Simulated Administration

Dosing and administration instructions were developed and verified through laboratory simulation. A laboratory simulation of patient dosing of AZM tablets and capsules over the dose range of 250 to 2000 mg via NGT of varied material composition was performed. The steps of the dose preparation and delivery were verified to ensure a homogenous suspension that could be accurately dosed via NGT. The experiment was designed to determine if a syringe rinse after initial dose administration is needed. The results (Table 4) demonstrate that under all conditions tested, the % of the dose delivered is within the acceptance criteria but adding the rinse step to the procedure can increase the dose delivered by as much as 3%. The acceptable compatibility of the suspensions prepared from AZM tablets and capsules with NGT manufactured from PVC, PUR, and silicone was demonstrated. Single preparations were evaluated for each type of NGT material, however collectively the repeatability of simulated administration can be assessed.
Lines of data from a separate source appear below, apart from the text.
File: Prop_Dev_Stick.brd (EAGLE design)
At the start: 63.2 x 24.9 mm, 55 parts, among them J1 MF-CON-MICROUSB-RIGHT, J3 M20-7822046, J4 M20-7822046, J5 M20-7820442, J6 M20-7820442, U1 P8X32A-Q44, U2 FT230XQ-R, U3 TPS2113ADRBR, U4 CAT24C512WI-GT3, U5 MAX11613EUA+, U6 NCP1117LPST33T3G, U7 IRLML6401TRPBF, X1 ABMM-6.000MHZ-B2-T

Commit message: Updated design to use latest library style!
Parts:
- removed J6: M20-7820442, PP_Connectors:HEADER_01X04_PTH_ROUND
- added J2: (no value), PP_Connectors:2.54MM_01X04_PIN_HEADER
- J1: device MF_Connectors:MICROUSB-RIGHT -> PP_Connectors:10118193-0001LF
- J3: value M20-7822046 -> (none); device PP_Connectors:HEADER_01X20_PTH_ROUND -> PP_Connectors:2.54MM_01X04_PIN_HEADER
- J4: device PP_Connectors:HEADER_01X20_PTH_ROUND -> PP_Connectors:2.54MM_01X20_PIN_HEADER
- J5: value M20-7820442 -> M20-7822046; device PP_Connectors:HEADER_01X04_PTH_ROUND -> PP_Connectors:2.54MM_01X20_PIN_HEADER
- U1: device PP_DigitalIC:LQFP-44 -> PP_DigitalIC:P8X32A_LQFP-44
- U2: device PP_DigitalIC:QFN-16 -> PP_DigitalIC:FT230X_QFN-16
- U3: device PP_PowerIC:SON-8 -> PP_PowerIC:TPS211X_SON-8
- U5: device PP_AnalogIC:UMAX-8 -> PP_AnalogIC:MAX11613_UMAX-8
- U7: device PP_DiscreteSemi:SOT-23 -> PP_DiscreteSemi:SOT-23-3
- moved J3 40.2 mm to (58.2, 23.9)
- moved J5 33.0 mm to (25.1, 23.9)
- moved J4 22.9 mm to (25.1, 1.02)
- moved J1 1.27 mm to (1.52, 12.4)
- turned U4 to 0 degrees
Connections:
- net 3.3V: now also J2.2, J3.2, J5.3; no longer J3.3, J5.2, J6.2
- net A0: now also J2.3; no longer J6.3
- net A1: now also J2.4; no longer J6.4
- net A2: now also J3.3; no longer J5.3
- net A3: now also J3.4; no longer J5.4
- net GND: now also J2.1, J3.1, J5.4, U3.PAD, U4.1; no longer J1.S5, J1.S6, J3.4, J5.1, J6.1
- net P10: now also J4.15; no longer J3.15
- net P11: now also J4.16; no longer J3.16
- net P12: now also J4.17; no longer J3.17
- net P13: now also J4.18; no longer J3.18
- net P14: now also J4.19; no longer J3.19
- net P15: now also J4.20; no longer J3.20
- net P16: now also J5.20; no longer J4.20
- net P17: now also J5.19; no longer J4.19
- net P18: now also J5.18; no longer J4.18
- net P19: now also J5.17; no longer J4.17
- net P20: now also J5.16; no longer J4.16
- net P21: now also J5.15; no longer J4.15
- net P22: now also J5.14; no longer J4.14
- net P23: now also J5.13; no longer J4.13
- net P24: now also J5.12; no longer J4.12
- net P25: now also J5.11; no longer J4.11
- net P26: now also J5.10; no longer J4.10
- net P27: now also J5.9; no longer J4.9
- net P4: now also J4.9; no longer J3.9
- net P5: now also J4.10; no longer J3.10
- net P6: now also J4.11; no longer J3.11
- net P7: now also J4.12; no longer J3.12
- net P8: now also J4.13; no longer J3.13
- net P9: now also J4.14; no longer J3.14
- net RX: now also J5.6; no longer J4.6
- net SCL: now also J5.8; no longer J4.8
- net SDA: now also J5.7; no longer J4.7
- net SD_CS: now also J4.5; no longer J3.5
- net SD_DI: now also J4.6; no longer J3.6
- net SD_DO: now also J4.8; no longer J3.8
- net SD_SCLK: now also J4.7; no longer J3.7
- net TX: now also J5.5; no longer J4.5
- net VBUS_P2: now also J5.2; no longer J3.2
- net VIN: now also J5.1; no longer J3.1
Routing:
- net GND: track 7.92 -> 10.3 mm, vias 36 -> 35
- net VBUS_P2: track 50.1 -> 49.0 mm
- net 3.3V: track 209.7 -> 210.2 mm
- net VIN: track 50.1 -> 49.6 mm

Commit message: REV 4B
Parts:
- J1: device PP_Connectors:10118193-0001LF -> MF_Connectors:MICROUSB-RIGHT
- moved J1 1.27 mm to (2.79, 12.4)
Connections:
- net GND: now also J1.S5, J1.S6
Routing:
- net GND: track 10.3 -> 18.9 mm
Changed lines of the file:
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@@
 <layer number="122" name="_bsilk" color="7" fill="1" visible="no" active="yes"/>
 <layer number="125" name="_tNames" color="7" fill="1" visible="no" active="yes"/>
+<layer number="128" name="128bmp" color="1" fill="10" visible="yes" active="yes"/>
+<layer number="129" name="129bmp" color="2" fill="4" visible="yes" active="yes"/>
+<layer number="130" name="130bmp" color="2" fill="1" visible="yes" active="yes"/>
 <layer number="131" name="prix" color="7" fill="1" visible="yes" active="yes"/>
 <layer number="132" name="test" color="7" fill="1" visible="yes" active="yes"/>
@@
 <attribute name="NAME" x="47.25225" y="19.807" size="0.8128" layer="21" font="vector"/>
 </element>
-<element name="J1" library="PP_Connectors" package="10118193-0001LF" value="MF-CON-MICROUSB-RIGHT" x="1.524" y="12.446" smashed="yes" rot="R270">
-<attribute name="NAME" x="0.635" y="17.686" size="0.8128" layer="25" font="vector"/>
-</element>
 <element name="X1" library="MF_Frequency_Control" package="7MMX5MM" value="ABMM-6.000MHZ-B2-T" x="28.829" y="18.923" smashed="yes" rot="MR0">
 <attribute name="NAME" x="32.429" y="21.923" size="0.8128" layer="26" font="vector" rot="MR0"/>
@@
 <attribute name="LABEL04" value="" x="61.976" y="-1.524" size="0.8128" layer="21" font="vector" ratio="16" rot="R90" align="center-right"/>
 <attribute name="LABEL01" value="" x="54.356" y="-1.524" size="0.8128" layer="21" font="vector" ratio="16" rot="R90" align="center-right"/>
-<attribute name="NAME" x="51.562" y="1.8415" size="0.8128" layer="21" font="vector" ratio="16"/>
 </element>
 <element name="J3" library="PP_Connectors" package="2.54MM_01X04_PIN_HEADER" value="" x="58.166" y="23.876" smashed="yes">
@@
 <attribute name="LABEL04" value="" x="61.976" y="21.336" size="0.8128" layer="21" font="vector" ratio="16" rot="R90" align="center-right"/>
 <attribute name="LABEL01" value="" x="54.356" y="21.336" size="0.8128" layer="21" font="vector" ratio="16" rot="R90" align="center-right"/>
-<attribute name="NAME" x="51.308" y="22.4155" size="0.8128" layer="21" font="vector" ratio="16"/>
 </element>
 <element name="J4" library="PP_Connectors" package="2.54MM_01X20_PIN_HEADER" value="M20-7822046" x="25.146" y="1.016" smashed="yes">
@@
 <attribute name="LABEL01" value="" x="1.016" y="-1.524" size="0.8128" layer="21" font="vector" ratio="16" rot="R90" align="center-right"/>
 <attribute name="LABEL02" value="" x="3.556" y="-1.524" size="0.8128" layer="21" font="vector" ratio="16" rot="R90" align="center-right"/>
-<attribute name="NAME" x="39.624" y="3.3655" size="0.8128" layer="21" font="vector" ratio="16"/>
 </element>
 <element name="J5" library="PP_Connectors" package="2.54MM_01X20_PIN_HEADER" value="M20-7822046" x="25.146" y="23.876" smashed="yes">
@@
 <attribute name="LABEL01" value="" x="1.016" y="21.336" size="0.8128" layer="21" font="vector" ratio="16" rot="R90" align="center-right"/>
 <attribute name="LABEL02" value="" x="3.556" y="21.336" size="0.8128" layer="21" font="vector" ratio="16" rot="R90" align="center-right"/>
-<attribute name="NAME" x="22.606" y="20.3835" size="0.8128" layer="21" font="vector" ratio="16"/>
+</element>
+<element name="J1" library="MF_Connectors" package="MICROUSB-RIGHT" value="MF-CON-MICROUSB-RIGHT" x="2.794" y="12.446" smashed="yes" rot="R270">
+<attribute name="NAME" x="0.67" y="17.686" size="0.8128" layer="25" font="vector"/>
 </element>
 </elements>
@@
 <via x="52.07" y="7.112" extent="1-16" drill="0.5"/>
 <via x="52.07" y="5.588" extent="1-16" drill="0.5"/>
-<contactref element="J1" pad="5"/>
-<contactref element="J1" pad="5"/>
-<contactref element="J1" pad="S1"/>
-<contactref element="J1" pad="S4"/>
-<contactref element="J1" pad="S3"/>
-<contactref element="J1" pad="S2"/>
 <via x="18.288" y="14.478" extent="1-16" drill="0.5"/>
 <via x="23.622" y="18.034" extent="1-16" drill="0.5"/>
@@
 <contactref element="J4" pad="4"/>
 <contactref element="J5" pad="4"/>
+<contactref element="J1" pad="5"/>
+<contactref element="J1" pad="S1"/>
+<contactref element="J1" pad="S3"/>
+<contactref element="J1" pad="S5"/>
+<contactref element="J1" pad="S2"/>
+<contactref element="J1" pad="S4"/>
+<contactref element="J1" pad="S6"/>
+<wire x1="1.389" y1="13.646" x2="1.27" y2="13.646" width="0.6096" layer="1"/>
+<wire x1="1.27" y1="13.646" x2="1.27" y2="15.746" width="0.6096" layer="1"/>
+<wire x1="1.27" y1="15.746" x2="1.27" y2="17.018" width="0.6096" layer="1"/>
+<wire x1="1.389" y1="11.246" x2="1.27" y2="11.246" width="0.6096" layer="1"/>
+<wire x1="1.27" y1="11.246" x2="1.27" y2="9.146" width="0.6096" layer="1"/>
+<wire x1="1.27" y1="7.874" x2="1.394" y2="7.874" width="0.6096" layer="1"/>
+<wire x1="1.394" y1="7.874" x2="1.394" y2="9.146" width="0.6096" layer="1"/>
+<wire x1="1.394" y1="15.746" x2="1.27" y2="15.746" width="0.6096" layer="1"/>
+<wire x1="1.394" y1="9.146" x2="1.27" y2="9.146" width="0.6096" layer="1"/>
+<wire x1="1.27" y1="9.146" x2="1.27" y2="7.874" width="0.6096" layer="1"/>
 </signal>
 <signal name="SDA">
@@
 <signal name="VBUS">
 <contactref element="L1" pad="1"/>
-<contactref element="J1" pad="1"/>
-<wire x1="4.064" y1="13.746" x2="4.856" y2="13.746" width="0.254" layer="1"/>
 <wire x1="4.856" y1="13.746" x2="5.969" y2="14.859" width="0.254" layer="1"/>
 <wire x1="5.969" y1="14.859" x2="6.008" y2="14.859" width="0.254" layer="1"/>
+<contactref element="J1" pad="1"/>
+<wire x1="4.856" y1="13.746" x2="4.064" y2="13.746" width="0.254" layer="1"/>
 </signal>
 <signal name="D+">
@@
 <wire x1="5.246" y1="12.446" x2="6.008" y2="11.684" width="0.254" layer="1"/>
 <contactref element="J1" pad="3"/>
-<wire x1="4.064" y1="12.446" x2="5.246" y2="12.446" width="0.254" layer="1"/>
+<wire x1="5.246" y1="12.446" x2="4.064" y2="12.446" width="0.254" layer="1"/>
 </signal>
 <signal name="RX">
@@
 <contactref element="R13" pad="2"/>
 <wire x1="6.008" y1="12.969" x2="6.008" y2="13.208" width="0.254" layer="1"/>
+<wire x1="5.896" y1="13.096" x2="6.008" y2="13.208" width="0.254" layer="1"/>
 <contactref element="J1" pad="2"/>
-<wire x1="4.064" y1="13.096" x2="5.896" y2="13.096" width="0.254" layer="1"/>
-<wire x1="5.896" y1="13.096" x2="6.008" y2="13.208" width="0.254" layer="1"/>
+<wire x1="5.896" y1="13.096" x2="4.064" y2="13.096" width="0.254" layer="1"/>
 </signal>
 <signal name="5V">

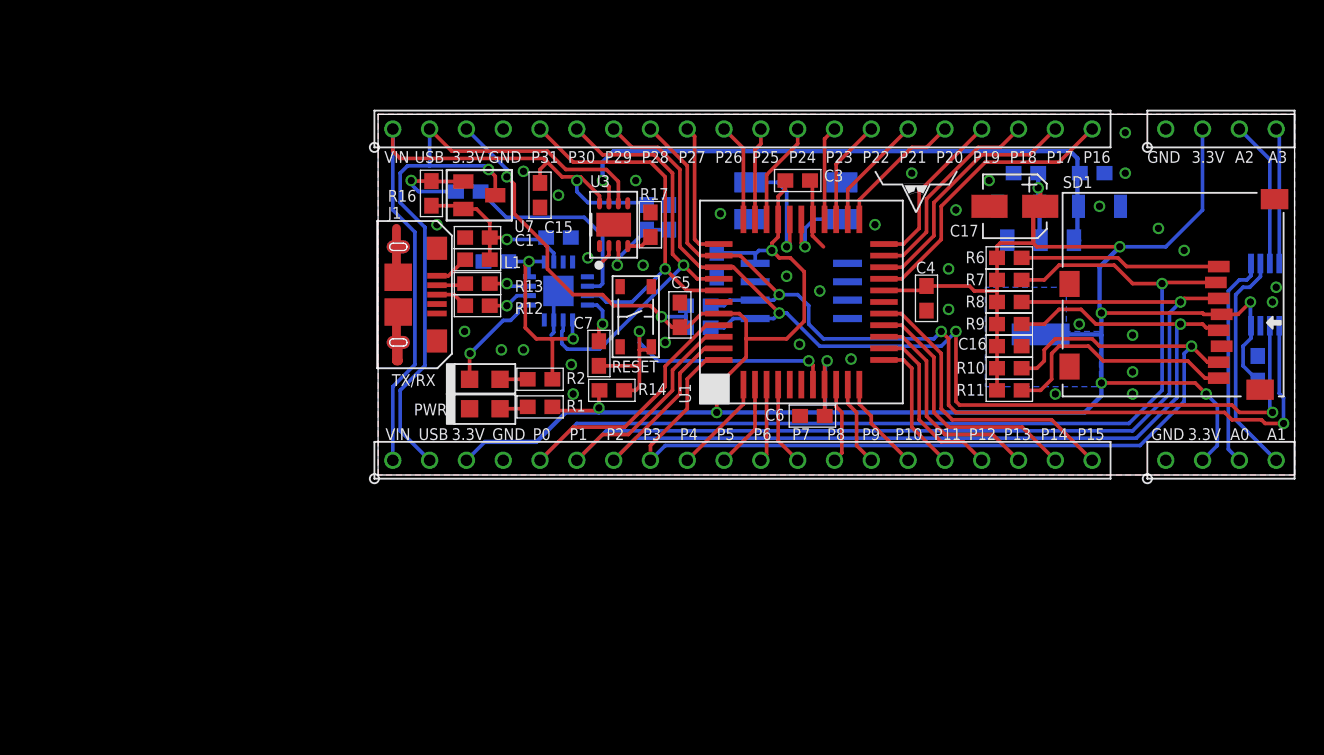
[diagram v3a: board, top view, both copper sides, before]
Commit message: Working on REV5
REV5 will feature 0402 parts, QFN Prop, USB Type-C, and a host of other
small changes.
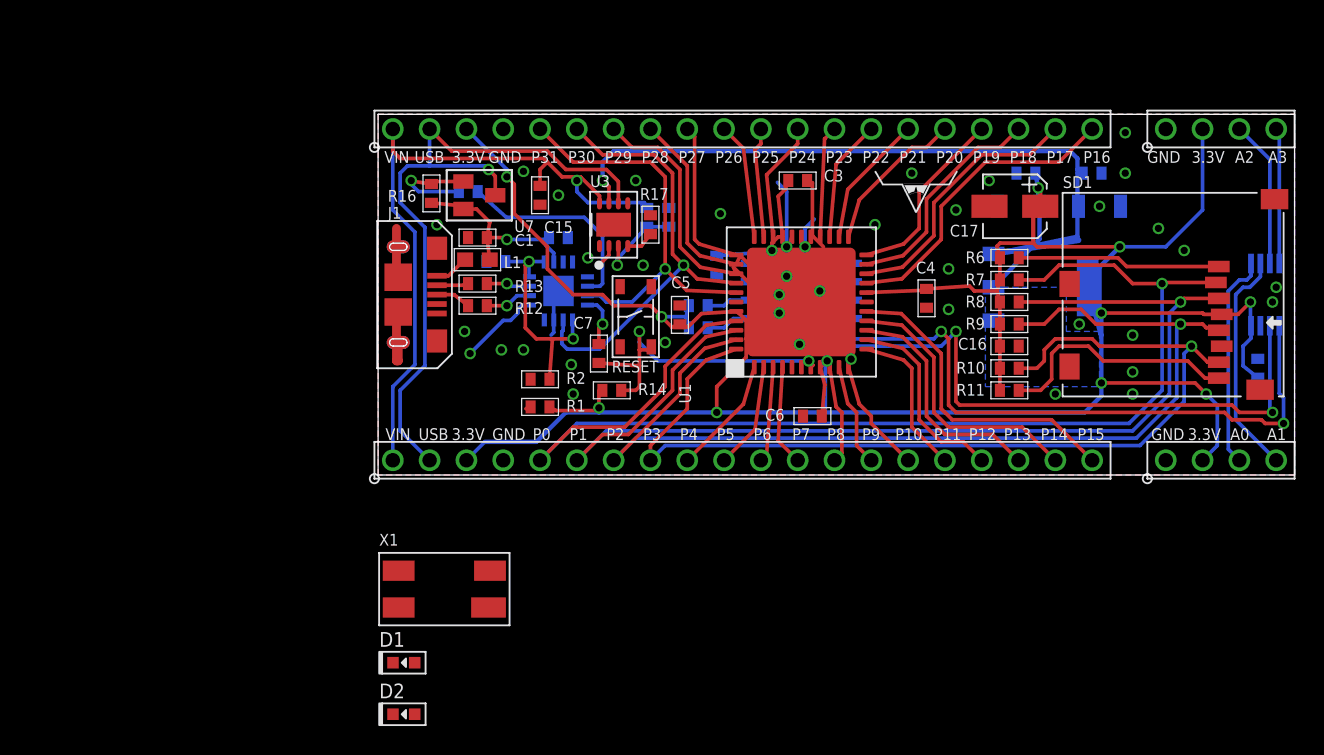
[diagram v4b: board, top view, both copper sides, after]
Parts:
- removed PWR, TX/RX: 598-8020-107F, PP_LED:LED_0805
- added D1: MF-LED-0603-GREEN, MF_LEDs:LED0603
- added D2: MF-LED-0603-RED, MF_LEDs:LED0603
- C1, C10, C11, C12, C13, C14, C15, C16, C2, C3, C4, C5, C6, C7, R1, R10, R11, R12, R13, R14, R15, R16, R17, R18, R2, R3, R4, R5, R6, R7, R8, R9: device PP_Passives:0603 -> PP_Passives:0402
- J4, J5: value M20-7822046 -> (none)
- SD1: value MF-CON-MICROSDSLOT-RIGHT -> MF-MICROSD; device MF_Connectors:MICROSDSLOT-RIGHT -> MF_Connectors:MF-MICROSD
- U1: value P8X32A-Q44 -> P8X32A-M44; device PP_DigitalIC:P8X32A_LQFP-44 -> PP_DigitalIC:P8X32A_QFN-44
- X1: device MF_Frequency_Control:7MMX5MM -> PP_FreqCtrl:7MM_X_5MM
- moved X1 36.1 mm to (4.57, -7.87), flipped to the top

This assessment covered the in vitro laboratory verification for dose preparation and simulated administration. During the development of administration procedures, the physicochemical properties of the drug, formulation design (eg, presence of functional coatings which may alter drug release), and site of administration need to be considered. Additionally, consideration should be given to potential interactions of the drug with enteral nutrition.

Conclusion

The laboratory studies verified an efficient and accurate procedure to reliably prepare stable suspensions from AZM tablets and capsules, over a range of 250 to 2000 mg (1-8 unit doses), that can be administered through NGT of size 8 to 12 Fr. Acceptable chemical stability of the prepared dose(s) through 4 hours at ambient conditions was verified as was the compatibility of the prepared dose(s) with NGT composed of PVC, PUR, and silicone. Finally, the accuracy of the delivered dose by the modified tablet and capsule preparation procedure (Figure 2) and simulated dose procedure (Table 5) was verified to be within 90.0% to 110.0% of intent.